Problem 15: Pascal's Triangle - Project Euler



After a long-long time wanted to restart this blog and planning keep it updated with more problems/math and algorithms.

Problem

            Find the number of routes from the top-left corner to the bottom right corner without backtracking in a 20x20 array. The example give is a 2x2 square. In this square, you can have around 6 routes from start point to end point.
How would you start thinking about this problem? Start counting? You can never reach the conclusion.


Analysis

            As we have a useful condition that we cannot backtrack, once we move forward in any direction we can never come back.

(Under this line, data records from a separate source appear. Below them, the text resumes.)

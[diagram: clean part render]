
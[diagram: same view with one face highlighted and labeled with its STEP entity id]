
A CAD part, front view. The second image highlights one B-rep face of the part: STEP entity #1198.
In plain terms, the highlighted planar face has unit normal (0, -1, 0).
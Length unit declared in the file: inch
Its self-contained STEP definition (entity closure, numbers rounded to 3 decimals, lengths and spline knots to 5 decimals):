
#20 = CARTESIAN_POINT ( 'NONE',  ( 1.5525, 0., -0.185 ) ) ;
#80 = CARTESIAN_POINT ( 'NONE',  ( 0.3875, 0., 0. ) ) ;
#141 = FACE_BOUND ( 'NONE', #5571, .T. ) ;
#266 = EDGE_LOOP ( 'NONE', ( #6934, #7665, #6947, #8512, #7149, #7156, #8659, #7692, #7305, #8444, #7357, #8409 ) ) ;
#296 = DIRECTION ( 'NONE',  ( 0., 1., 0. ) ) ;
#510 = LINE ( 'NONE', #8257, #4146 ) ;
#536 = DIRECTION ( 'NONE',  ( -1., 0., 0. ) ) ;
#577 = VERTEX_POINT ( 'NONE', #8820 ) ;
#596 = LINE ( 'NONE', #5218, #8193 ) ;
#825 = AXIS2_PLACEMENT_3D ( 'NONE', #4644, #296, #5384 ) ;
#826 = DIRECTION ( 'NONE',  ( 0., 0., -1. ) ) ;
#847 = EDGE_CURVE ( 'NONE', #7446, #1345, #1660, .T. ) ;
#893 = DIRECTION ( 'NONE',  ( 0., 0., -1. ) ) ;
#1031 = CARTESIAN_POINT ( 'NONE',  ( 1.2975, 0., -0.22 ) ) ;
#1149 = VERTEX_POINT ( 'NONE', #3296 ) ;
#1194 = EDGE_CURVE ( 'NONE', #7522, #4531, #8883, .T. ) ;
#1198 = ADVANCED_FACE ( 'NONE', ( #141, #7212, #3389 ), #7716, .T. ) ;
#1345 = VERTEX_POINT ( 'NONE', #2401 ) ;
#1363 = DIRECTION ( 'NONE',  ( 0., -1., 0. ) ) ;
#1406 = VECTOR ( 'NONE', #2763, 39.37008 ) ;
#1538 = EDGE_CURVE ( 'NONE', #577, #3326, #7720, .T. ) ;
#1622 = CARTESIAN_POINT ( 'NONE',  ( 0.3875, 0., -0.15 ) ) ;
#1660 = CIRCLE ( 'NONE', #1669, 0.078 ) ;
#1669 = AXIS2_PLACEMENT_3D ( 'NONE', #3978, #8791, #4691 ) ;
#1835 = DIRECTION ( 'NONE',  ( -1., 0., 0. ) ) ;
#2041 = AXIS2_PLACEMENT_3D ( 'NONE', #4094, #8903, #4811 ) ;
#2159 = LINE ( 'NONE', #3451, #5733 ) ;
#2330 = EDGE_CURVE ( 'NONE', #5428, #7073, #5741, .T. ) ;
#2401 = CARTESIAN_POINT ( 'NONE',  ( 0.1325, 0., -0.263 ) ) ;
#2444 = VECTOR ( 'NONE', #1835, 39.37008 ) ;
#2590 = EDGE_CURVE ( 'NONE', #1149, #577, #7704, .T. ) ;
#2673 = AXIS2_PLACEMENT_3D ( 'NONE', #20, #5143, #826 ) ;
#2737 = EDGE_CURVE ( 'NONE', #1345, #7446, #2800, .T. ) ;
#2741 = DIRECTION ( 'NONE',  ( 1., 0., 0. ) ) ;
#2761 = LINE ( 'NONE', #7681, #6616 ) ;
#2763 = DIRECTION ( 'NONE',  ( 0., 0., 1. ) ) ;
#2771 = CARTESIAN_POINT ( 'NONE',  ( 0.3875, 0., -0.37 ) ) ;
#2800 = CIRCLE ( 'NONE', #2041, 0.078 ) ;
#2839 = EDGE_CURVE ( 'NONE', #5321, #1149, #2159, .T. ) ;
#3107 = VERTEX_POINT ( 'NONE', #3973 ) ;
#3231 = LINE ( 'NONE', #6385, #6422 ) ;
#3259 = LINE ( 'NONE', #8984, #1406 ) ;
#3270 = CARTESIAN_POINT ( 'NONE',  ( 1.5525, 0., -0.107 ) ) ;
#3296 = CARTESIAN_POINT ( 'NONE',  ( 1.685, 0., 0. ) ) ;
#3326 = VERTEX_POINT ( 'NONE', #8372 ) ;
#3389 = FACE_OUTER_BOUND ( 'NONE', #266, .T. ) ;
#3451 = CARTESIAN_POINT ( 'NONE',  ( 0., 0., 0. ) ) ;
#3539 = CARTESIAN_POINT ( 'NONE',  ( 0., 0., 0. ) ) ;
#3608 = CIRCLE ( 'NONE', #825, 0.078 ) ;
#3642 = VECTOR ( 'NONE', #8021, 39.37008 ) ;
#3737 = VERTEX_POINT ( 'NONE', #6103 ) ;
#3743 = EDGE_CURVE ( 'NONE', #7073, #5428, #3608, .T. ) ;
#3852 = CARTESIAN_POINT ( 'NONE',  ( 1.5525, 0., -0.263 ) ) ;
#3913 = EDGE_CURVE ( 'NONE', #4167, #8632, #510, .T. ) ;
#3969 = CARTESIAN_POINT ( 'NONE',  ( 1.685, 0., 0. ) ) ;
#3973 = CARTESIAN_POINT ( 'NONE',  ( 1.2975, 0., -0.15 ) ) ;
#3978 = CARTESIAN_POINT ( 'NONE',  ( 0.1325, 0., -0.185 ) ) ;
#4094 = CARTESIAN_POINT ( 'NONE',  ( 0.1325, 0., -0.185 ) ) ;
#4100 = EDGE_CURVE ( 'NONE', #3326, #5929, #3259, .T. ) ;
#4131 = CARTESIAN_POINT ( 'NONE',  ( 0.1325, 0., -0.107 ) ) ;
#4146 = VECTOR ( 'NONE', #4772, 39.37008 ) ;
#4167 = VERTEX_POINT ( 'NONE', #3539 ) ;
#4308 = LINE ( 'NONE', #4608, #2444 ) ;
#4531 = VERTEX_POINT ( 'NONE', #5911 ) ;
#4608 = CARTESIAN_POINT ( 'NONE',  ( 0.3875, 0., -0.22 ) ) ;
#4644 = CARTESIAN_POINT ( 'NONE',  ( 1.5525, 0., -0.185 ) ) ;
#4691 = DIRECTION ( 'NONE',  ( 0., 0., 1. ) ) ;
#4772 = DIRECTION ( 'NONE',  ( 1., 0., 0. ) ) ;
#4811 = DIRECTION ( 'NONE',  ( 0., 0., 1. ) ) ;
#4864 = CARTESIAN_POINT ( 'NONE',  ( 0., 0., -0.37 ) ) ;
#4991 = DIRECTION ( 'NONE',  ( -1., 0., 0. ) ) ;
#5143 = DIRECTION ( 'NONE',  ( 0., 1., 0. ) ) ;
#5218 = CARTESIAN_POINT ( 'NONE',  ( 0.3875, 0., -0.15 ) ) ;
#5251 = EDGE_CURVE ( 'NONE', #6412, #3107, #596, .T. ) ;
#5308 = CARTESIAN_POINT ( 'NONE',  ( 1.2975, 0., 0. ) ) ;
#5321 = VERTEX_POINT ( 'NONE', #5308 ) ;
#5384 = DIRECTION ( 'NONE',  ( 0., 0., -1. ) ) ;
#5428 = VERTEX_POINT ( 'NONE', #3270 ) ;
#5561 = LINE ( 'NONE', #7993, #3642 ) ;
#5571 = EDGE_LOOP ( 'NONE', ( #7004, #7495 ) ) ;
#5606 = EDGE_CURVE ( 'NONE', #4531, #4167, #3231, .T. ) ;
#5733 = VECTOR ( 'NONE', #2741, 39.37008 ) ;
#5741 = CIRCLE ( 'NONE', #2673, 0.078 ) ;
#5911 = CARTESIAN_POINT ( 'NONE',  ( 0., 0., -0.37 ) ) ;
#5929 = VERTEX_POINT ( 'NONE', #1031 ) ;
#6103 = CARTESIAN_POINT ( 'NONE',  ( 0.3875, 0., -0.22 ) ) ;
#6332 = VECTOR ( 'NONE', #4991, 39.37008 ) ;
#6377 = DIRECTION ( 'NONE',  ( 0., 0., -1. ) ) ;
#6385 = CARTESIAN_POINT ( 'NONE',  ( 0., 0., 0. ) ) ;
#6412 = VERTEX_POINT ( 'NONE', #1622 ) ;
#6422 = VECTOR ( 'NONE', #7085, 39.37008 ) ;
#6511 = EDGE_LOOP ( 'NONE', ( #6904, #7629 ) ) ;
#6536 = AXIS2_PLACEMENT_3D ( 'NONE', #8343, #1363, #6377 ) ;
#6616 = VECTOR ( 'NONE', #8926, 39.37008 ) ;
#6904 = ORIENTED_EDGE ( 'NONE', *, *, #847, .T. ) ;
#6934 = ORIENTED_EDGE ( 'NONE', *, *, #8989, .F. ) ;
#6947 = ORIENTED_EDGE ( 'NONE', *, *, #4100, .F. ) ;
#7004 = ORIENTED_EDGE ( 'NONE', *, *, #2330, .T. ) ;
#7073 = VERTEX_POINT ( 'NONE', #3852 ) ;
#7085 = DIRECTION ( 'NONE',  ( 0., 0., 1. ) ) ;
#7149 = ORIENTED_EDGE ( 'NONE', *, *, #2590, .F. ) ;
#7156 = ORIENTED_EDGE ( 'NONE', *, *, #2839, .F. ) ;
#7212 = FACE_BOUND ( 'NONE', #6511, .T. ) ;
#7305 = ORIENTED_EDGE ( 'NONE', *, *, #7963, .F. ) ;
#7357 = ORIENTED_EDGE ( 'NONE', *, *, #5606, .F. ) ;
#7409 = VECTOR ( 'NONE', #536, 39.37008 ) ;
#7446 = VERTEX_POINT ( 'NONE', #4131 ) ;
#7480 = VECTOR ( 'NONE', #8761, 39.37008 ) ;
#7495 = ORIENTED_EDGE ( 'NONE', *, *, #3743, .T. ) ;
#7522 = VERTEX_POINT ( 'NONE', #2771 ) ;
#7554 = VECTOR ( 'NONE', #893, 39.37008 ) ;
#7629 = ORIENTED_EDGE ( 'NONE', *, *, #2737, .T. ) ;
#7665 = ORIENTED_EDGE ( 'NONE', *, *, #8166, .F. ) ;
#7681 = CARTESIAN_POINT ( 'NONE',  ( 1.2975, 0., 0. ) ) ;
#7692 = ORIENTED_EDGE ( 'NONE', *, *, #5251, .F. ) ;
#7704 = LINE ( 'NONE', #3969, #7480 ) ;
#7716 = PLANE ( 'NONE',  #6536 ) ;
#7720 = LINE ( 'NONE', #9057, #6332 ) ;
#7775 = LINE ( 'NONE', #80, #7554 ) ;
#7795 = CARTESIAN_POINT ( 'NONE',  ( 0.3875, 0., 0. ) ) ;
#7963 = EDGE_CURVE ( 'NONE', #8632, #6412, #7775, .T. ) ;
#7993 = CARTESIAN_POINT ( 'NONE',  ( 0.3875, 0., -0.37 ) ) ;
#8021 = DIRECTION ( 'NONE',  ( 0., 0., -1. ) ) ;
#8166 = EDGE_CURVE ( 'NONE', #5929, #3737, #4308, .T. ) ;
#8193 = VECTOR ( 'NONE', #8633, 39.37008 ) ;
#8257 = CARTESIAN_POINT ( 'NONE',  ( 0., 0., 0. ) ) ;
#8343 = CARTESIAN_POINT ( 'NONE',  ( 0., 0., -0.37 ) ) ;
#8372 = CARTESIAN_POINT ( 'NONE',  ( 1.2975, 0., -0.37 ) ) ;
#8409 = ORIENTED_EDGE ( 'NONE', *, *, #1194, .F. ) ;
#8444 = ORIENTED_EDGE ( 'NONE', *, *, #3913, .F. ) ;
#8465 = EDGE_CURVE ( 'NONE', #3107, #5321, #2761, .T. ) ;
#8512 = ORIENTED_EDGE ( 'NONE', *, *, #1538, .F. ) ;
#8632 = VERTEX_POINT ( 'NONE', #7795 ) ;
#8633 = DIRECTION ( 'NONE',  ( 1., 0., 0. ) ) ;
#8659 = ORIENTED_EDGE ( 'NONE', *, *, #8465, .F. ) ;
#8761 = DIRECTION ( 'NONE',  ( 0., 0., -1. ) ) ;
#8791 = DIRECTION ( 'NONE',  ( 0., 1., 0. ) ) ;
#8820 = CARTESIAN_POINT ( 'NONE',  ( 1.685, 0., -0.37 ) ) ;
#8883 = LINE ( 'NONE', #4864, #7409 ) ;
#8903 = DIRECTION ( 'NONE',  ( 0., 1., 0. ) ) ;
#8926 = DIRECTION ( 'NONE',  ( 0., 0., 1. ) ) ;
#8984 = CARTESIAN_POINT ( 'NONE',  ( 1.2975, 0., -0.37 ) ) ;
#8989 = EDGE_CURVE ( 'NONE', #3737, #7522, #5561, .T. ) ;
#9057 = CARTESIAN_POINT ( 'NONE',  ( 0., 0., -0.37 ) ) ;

So, if we move in that angle, we get more routes passing through points in forward direction. The first thing came to my mind is the points!!
  If you count the points and tell that is the total route, then you are wrong as a single point might lead to multiple routes both vertical/horizontal. We started doing manual steps for 3x3. But at second thought, what got into my mind is a graph!! If u have a unidirectional graph all starting from one point and ending at the bottom right corner, can we then calculate for 4x4, 5x5 etc. First I tried for a 3x3 the approach we got in mind,


For each point, how many route that is possible? I remembered my entire graph logic learned to come up with this but was not sure whether this is right on 3x3 having total 20 routes. Moreover, writing in algorithm to implement this for 20x20 is impossible!!
  When I wanted to find the actual easiest way to solve this, then came the forgotten mathematics concept: combinations.

Solution

            As we know the routes are from top-left corner to bottom-right corner, we can only move two ways, right or down. For a 2x2, the various combinations possible are 6, RDDR, RRDD, RDRD, DRDR, DDRR, DRRD. All this means that, we need to find how many possible ways 2 rights can be placed in total 4 sided route.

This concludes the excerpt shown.